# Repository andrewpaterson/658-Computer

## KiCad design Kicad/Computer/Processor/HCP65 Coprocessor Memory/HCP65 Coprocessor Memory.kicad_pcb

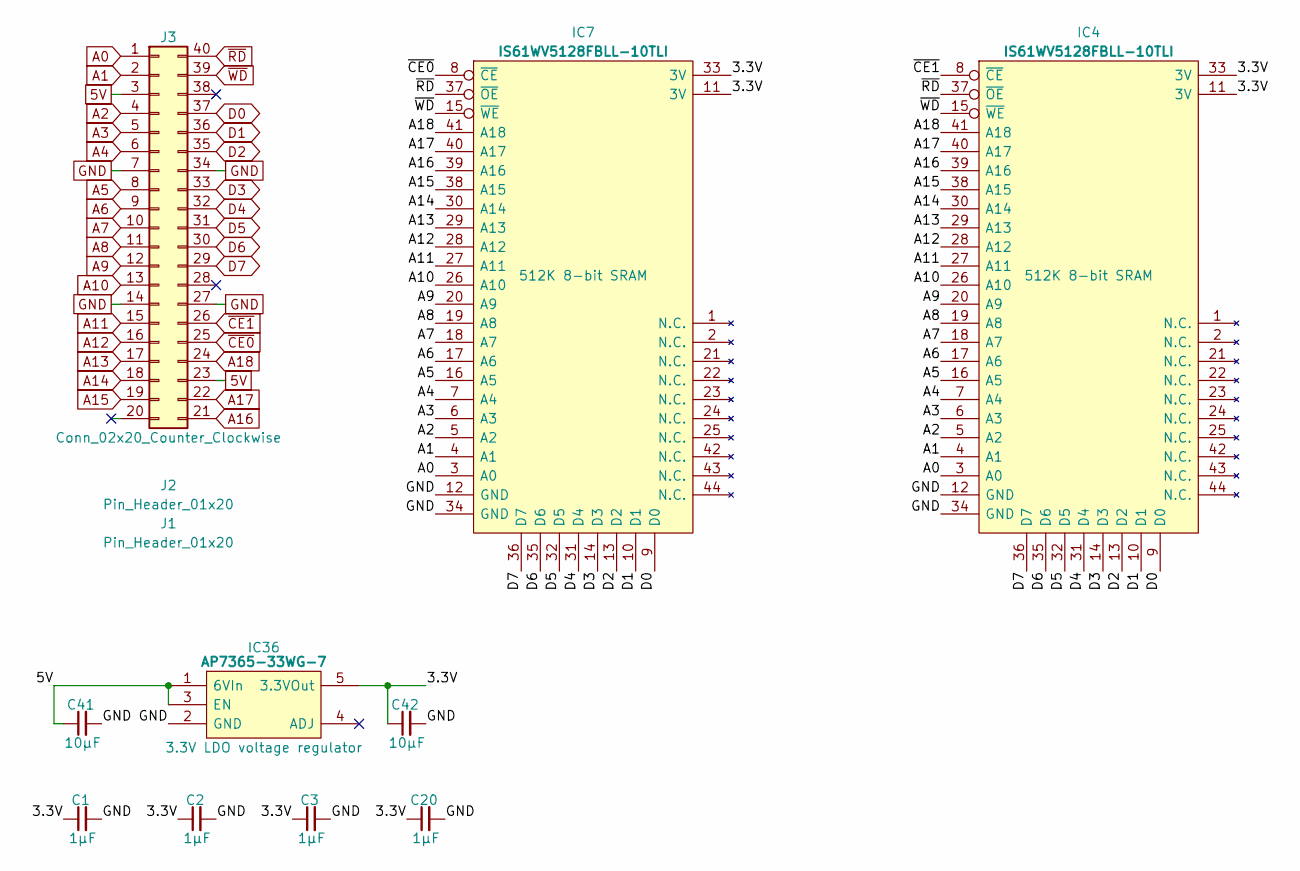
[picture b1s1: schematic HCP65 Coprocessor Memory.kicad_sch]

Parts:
C1, C2, C3, C20: 1μF; C_0805
C41, C42: 10μF; C_0805
IC4, IC7: IS61WV5128FBLL-10TLI; SOP80P1176X120-44N; Manufacturer_Part_Number IS61WV5128FBLL-10TLI
IC36: AP7365-33WG-7; SOT95P285X130-5N; Manufacturer_Part_Number AP7365-33WG-7; Mouser Part Number 621-AP7365-33WG-7
J1, J2: Pin_Header_01x20; PinHeader_1x20_P2.54mm_Vertical
J3: Conn_02x20_Counter_Clockwise; DIP-40_Board_W22.86mm

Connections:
5V: C41.1, IC36.1 (6VIn), IC36.3 (EN), J3.3, J3.23
/3.3V: C1.1, C2.1, C3.1, C20.1, C42.1, IC4.11 (3V), IC4.33 (3V), IC7.11 (3V), IC7.33 (3V), IC36.5 (3.3VOut)
A0: IC4.3 (A0), IC7.3 (A0), J3.1
A1: IC4.4 (A1), IC7.4 (A1), J3.2
A2: IC4.5 (A2), IC7.5 (A2), J3.4
A3: IC4.6 (A3), IC7.6 (A3), J3.5
A4: IC4.7 (A4), IC7.7 (A4), J3.6
A5: IC4.16 (A5), IC7.16 (A5), J3.8
A6: IC4.17 (A6), IC7.17 (A6), J3.9
A7: IC4.18 (A7), IC7.18 (A7), J3.10
A8: IC4.19 (A8), IC7.19 (A8), J3.11
A9: IC4.20 (A9), IC7.20 (A9), J3.12
A10: IC4.26 (A10), IC7.26 (A10), J3.13
A11: IC4.27 (A11), IC7.27 (A11), J3.15
A12: IC4.28 (A12), IC7.28 (A12), J3.16
A13: IC4.29 (A13), IC7.29 (A13), J3.17
A14: IC4.30 (A14), IC7.30 (A14), J3.18
A15: IC4.38 (A15), IC7.38 (A15), J3.19
A16: IC4.39 (A16), IC7.39 (A16), J3.21
A17: IC4.40 (A17), IC7.40 (A17), J3.22
A18: IC4.41 (A18), IC7.41 (A18), J3.24
D0: IC4.9 (D0), IC7.9 (D0), J3.37
D1: IC4.10 (D1), IC7.10 (D1), J3.36
D2: IC4.13 (D2), IC7.13 (D2), J3.35
D3: IC4.14 (D3), IC7.14 (D3), J3.33
D4: IC4.31 (D4), IC7.31 (D4), J3.32
D5: IC4.32 (D5), IC7.32 (D5), J3.31
D6: IC4.35 (D6), IC7.35 (D6), J3.30
D7: IC4.36 (D7), IC7.36 (D7), J3.29
GND: C1.2, C2.2, C3.2, C20.2, C41.2, C42.2, IC4.12 (GND), IC4.34 (GND), IC7.12 (GND), IC7.34 (GND), IC36.2 (GND), J3.7, J3.14, J3.27, J3.34
~CE0: IC7.8 (~CE), J3.25
~CE1: IC4.8 (~CE), J3.26
~RD: IC4.37 (~OE), IC7.37 (~OE), J3.40
~WD: IC4.15 (~WE), IC7.15 (~WE), J3.39

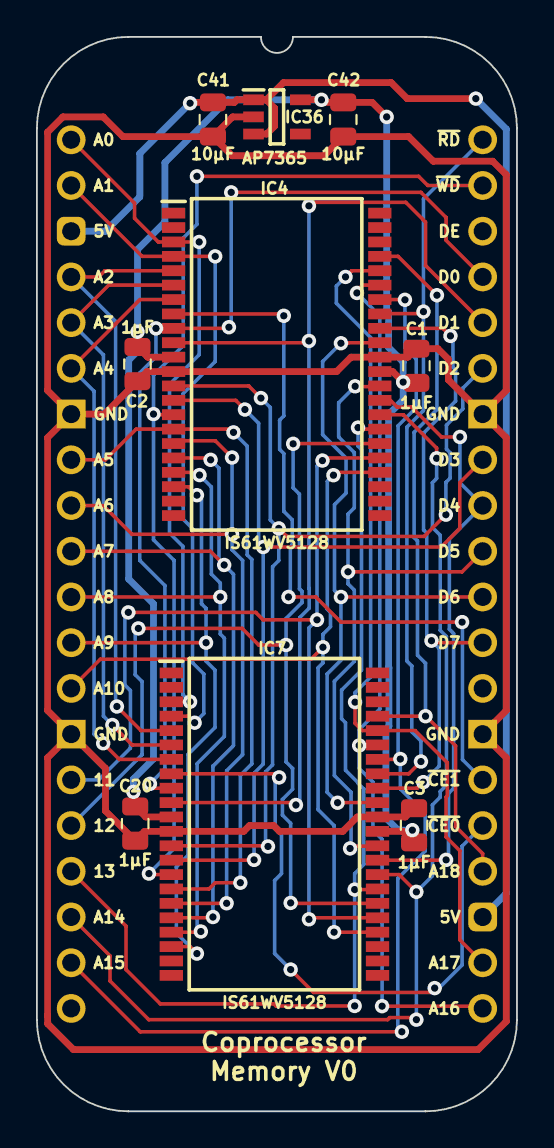
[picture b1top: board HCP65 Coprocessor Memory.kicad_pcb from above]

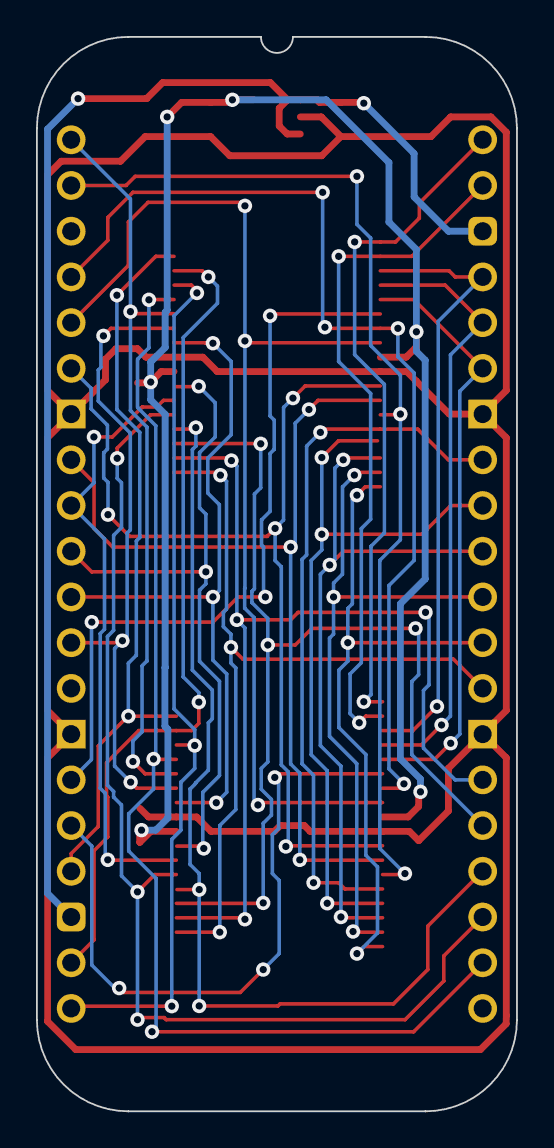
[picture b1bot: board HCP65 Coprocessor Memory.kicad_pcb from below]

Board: 2 copper layers, 26.7 x 59.7 mm, 12 parts (2 on the bottom side), 34 nets.

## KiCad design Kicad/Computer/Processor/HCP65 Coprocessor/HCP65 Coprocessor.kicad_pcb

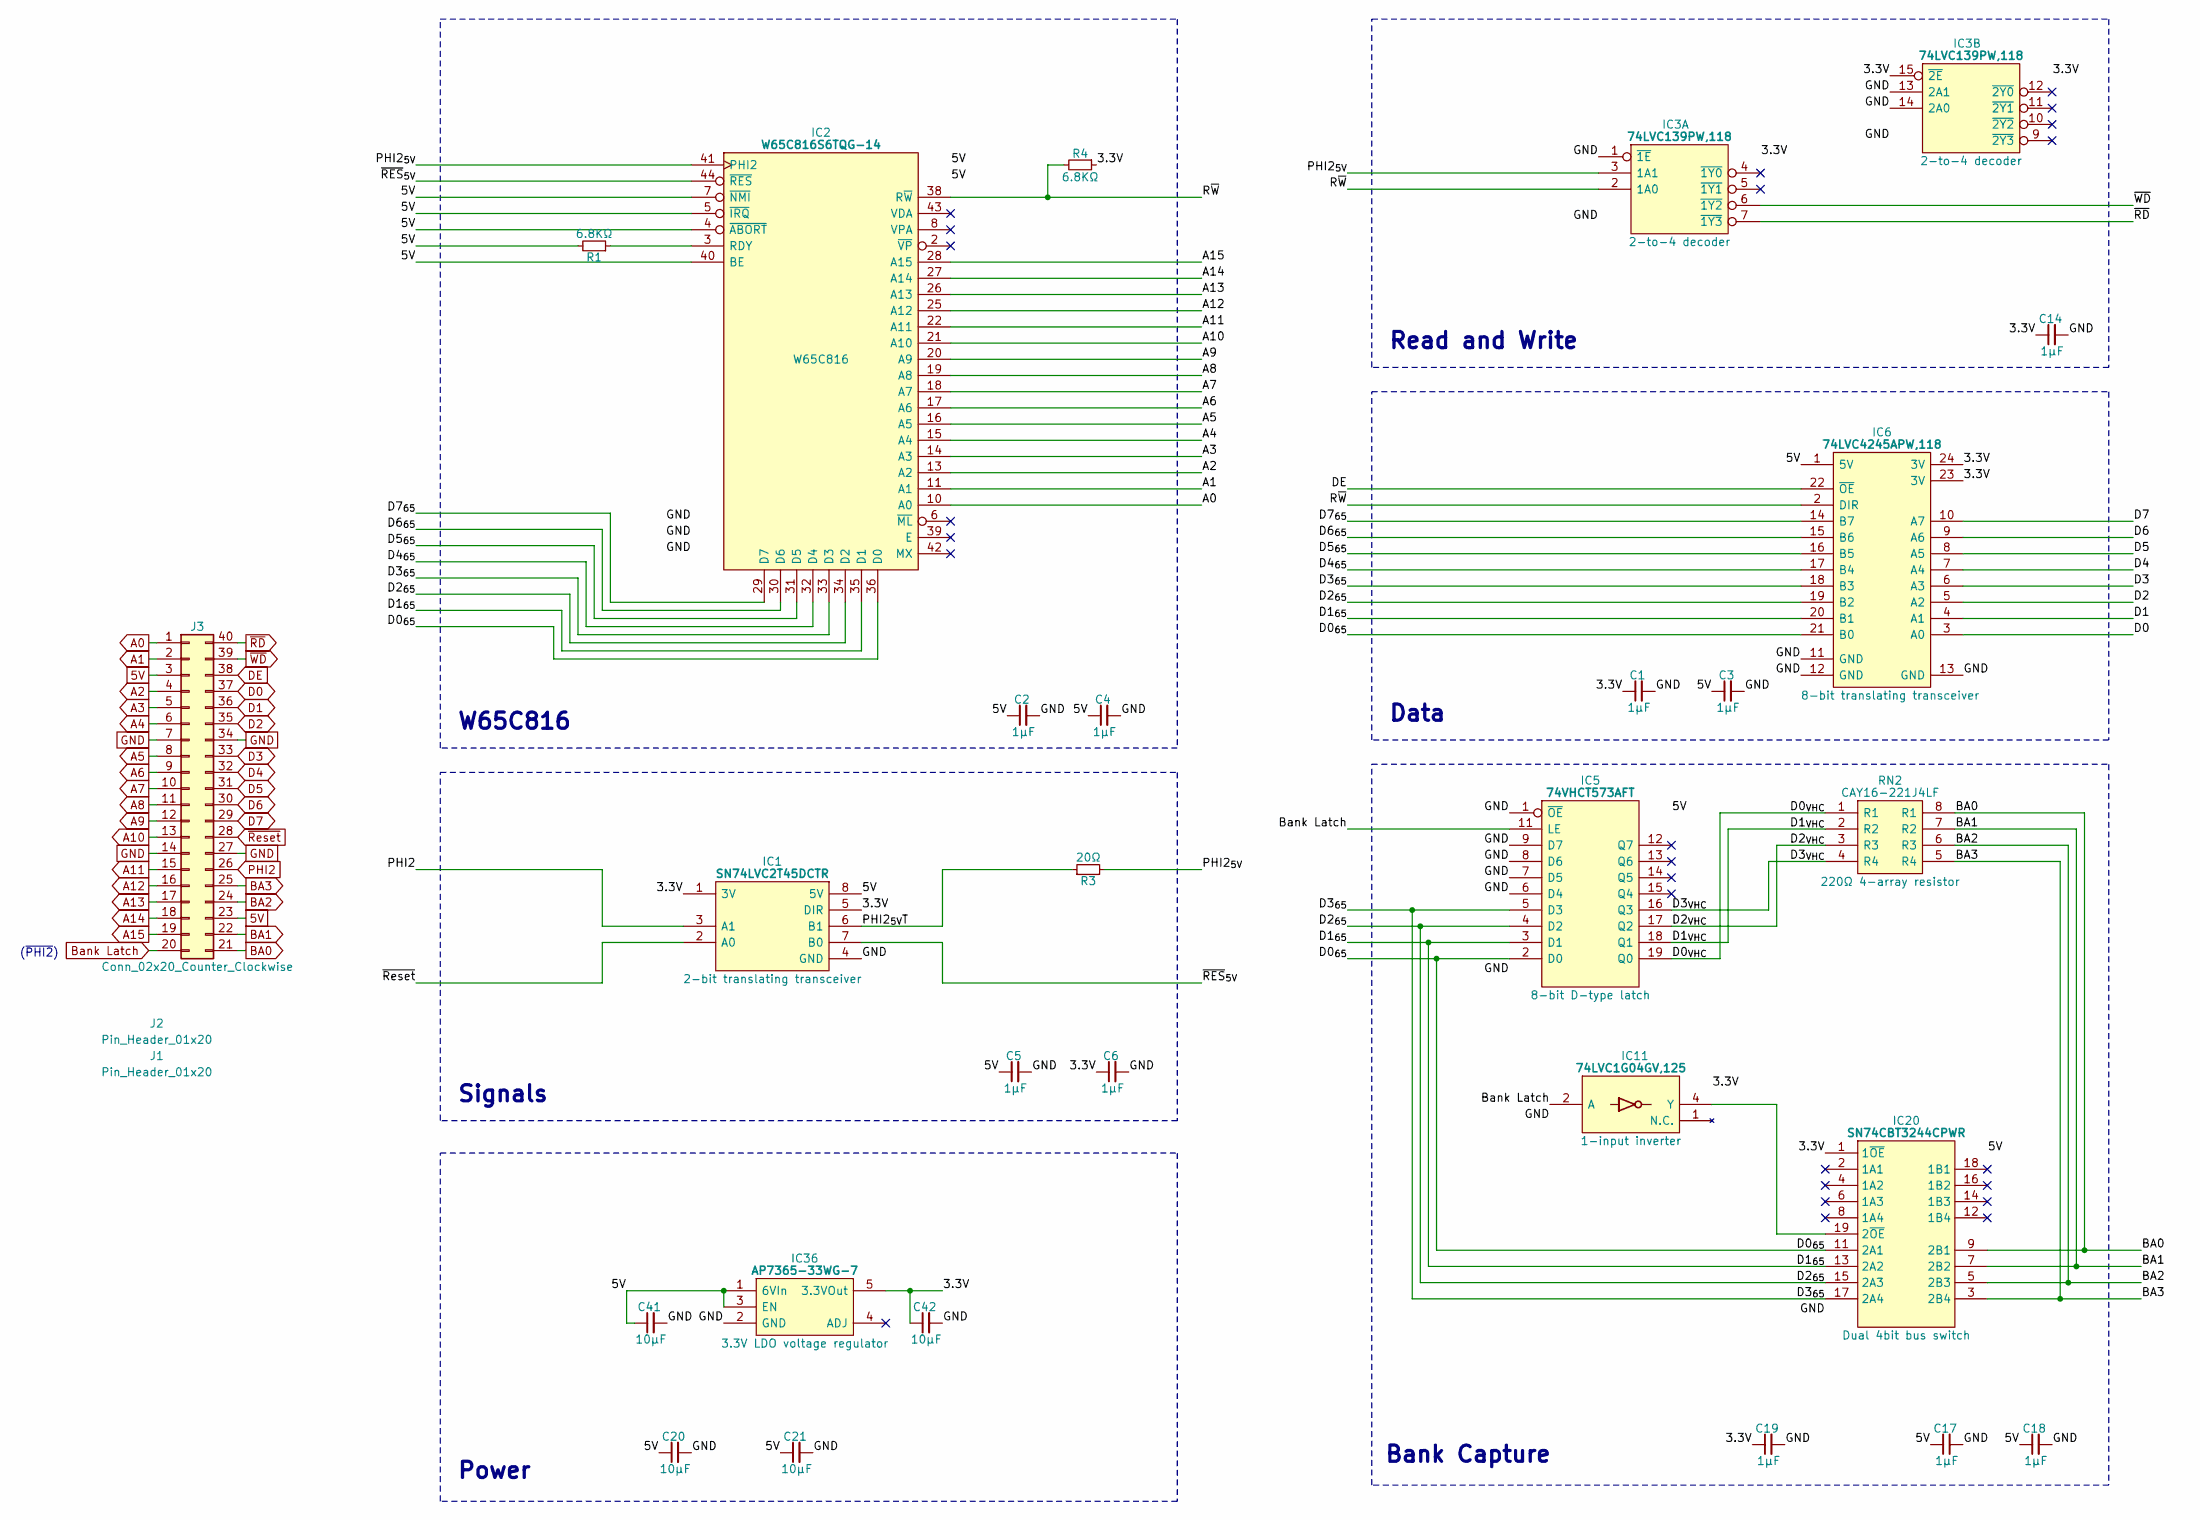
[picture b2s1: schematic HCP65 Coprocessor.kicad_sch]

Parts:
C1, C2, C3, C4, C5, C6, C14, C17, C18, C19: 1μF; C_0805
C20, C21, C41, C42: 10μF; C_0805
IC1: SN74LVC2T45DCTR; SOP65P400X130-8N; Manufacturer_Part_Number SN74LVC2T45DCTR
IC2: W65C816S6TQG-14; W65C816 PLCC 0.8mm 44 Pin; Mouser Part Number 955-W65C816S6TQG-14
IC3: 74LVC139PW,118; SOP65P640X110-16N
IC5: 74VHCT573AFT; SOP65P640X120-20N; Manufacturer_Part_Number 74VHCT573AFT; Mouser Part Number N/A
IC6: 74LVC4245APW,118; SOP65P640X110-24N; Mouser Part Number 771-74LVC4245APW-T
IC11: 74LVC1G04GV,125; SOT95P275X110-5N; Manufacturer_Part_Number 74LVC1G04GV,125; Mouser Part Number 771-74LVC1G04GV
IC20: SN74CBT3244CPWR; SOP65P640X120-20N; Manufacturer_Part_Number SN74CBT3244CPWR; Mouser Part Number 595-SN74CBT3244CPWR
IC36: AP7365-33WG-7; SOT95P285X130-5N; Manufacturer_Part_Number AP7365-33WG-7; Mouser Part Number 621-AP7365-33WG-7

• • • • • • •

What you have to do> Keep the pictures out of the copy and return the rest of the data above exactly.

Answer to the exercise>
# Repository andrewpaterson/658-Computer

## KiCad design Kicad/Computer/Processor/HCP65 Coprocessor Memory/HCP65 Coprocessor Memory.kicad_pcb

[picture b1s1: schematic HCP65 Coprocessor Memory.kicad_sch]

Parts:
C1, C2, C3, C20: 1μF; C_0805
C41, C42: 10μF; C_0805
IC4, IC7: IS61WV5128FBLL-10TLI; SOP80P1176X120-44N; Manufacturer_Part_Number IS61WV5128FBLL-10TLI
IC36: AP7365-33WG-7; SOT95P285X130-5N; Manufacturer_Part_Number AP7365-33WG-7; Mouser Part Number 621-AP7365-33WG-7
J1, J2: Pin_Header_01x20; PinHeader_1x20_P2.54mm_Vertical
J3: Conn_02x20_Counter_Clockwise; DIP-40_Board_W22.86mm

Connections:
5V: C41.1, IC36.1 (6VIn), IC36.3 (EN), J3.3, J3.23
/3.3V: C1.1, C2.1, C3.1, C20.1, C42.1, IC4.11 (3V), IC4.33 (3V), IC7.11 (3V), IC7.33 (3V), IC36.5 (3.3VOut)
A0: IC4.3 (A0), IC7.3 (A0), J3.1
A1: IC4.4 (A1), IC7.4 (A1), J3.2
A2: IC4.5 (A2), IC7.5 (A2), J3.4
A3: IC4.6 (A3), IC7.6 (A3), J3.5
A4: IC4.7 (A4), IC7.7 (A4), J3.6
A5: IC4.16 (A5), IC7.16 (A5), J3.8
A6: IC4.17 (A6), IC7.17 (A6), J3.9
A7: IC4.18 (A7), IC7.18 (A7), J3.10
A8: IC4.19 (A8), IC7.19 (A8), J3.11
A9: IC4.20 (A9), IC7.20 (A9), J3.12
A10: IC4.26 (A10), IC7.26 (A10), J3.13
A11: IC4.27 (A11), IC7.27 (A11), J3.15
A12: IC4.28 (A12), IC7.28 (A12), J3.16
A13: IC4.29 (A13), IC7.29 (A13), J3.17
A14: IC4.30 (A14), IC7.30 (A14), J3.18
A15: IC4.38 (A15), IC7.38 (A15), J3.19
A16: IC4.39 (A16), IC7.39 (A16), J3.21
A17: IC4.40 (A17), IC7.40 (A17), J3.22
A18: IC4.41 (A18), IC7.41 (A18), J3.24
D0: IC4.9 (D0), IC7.9 (D0), J3.37
D1: IC4.10 (D1), IC7.10 (D1), J3.36
D2: IC4.13 (D2), IC7.13 (D2), J3.35
D3: IC4.14 (D3), IC7.14 (D3), J3.33
D4: IC4.31 (D4), IC7.31 (D4), J3.32
D5: IC4.32 (D5), IC7.32 (D5), J3.31
D6: IC4.35 (D6), IC7.35 (D6), J3.30
D7: IC4.36 (D7), IC7.36 (D7), J3.29
GND: C1.2, C2.2, C3.2, C20.2, C41.2, C42.2, IC4.12 (GND), IC4.34 (GND), IC7.12 (GND), IC7.34 (GND), IC36.2 (GND), J3.7, J3.14, J3.27, J3.34
~CE0: IC7.8 (~CE), J3.25
~CE1: IC4.8 (~CE), J3.26
~RD: IC4.37 (~OE), IC7.37 (~OE), J3.40
~WD: IC4.15 (~WE), IC7.15 (~WE), J3.39

[picture b1top: board HCP65 Coprocessor Memory.kicad_pcb from above]

[picture b1bot: board HCP65 Coprocessor Memory.kicad_pcb from below]

Board: 2 copper layers, 26.7 x 59.7 mm, 12 parts (2 on the bottom side), 34 nets.

## KiCad design Kicad/Computer/Processor/HCP65 Coprocessor/HCP65 Coprocessor.kicad_pcb

[picture b2s1: schematic HCP65 Coprocessor.kicad_sch]

Parts:
C1, C2, C3, C4, C5, C6, C14, C17, C18, C19: 1μF; C_0805
C20, C21, C41, C42: 10μF; C_0805
IC1: SN74LVC2T45DCTR; SOP65P400X130-8N; Manufacturer_Part_Number SN74LVC2T45DCTR
IC2: W65C816S6TQG-14; W65C816 PLCC 0.8mm 44 Pin; Mouser Part Number 955-W65C816S6TQG-14
IC3: 74LVC139PW,118; SOP65P640X110-16N
IC5: 74VHCT573AFT; SOP65P640X120-20N; Manufacturer_Part_Number 74VHCT573AFT; Mouser Part Number N/A
IC6: 74LVC4245APW,118; SOP65P640X110-24N; Mouser Part Number 771-74LVC4245APW-T
IC11: 74LVC1G04GV,125; SOT95P275X110-5N; Manufacturer_Part_Number 74LVC1G04GV,125; Mouser Part Number 771-74LVC1G04GV
IC20: SN74CBT3244CPWR; SOP65P640X120-20N; Manufacturer_Part_Number SN74CBT3244CPWR; Mouser Part Number 595-SN74CBT3244CPWR
IC36: AP7365-33WG-7; SOT95P285X130-5N; Manufacturer_Part_Number AP7365-33WG-7; Mouser Part Number 621-AP7365-33WG-7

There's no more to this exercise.